(WORK REQUEST): Lines containing the word "Pump" are the ones to copy from the records below.
····················
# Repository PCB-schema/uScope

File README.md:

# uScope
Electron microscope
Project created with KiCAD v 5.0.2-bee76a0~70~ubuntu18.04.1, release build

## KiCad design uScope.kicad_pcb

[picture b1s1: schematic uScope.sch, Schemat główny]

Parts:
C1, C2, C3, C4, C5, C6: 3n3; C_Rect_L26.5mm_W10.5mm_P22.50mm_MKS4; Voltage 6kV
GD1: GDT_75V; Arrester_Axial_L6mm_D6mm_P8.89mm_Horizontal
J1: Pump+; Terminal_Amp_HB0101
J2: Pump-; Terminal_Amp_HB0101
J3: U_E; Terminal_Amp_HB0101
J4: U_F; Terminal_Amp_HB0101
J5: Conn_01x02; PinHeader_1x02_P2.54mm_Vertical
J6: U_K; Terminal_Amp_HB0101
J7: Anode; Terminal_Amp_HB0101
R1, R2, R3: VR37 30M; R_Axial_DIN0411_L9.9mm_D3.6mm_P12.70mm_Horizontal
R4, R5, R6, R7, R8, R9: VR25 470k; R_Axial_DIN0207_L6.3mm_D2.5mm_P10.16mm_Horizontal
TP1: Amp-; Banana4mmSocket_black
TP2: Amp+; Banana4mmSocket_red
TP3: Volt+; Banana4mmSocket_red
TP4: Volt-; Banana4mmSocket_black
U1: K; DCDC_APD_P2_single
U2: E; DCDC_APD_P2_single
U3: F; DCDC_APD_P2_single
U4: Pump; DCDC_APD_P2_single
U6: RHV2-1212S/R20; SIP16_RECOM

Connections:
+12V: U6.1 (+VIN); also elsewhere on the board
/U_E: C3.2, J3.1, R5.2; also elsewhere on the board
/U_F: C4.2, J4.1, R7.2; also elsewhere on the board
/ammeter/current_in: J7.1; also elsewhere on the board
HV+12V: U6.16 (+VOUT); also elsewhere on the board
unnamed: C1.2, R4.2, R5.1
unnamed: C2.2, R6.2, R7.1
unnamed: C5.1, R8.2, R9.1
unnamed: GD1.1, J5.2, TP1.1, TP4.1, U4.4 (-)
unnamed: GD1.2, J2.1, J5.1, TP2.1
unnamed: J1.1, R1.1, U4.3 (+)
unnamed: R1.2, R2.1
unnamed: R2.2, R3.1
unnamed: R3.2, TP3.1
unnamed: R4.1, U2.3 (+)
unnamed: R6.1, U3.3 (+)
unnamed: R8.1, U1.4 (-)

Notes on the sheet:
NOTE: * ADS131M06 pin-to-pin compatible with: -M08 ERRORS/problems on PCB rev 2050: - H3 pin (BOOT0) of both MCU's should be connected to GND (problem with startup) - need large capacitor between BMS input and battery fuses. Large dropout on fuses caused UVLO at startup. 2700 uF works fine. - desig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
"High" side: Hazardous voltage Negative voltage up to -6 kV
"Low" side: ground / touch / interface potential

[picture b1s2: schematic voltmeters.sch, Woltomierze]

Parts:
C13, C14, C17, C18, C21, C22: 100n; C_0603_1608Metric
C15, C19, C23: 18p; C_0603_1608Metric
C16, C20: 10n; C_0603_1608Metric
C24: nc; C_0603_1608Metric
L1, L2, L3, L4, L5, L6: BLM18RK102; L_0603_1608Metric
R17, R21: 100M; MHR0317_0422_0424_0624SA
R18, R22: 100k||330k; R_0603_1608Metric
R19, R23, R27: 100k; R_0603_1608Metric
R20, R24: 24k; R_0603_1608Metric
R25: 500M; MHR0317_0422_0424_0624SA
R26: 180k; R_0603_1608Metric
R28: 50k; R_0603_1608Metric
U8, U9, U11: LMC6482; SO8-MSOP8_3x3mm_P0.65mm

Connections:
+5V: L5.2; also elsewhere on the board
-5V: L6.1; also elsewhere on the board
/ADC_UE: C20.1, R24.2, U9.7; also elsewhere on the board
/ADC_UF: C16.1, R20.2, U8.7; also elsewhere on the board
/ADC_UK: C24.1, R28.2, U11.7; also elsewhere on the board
····················
(RESPONSE):
J1: Pump+; Terminal_Amp_HB0101
J2: Pump-; Terminal_Amp_HB0101
U4: Pump; DCDC_APD_P2_single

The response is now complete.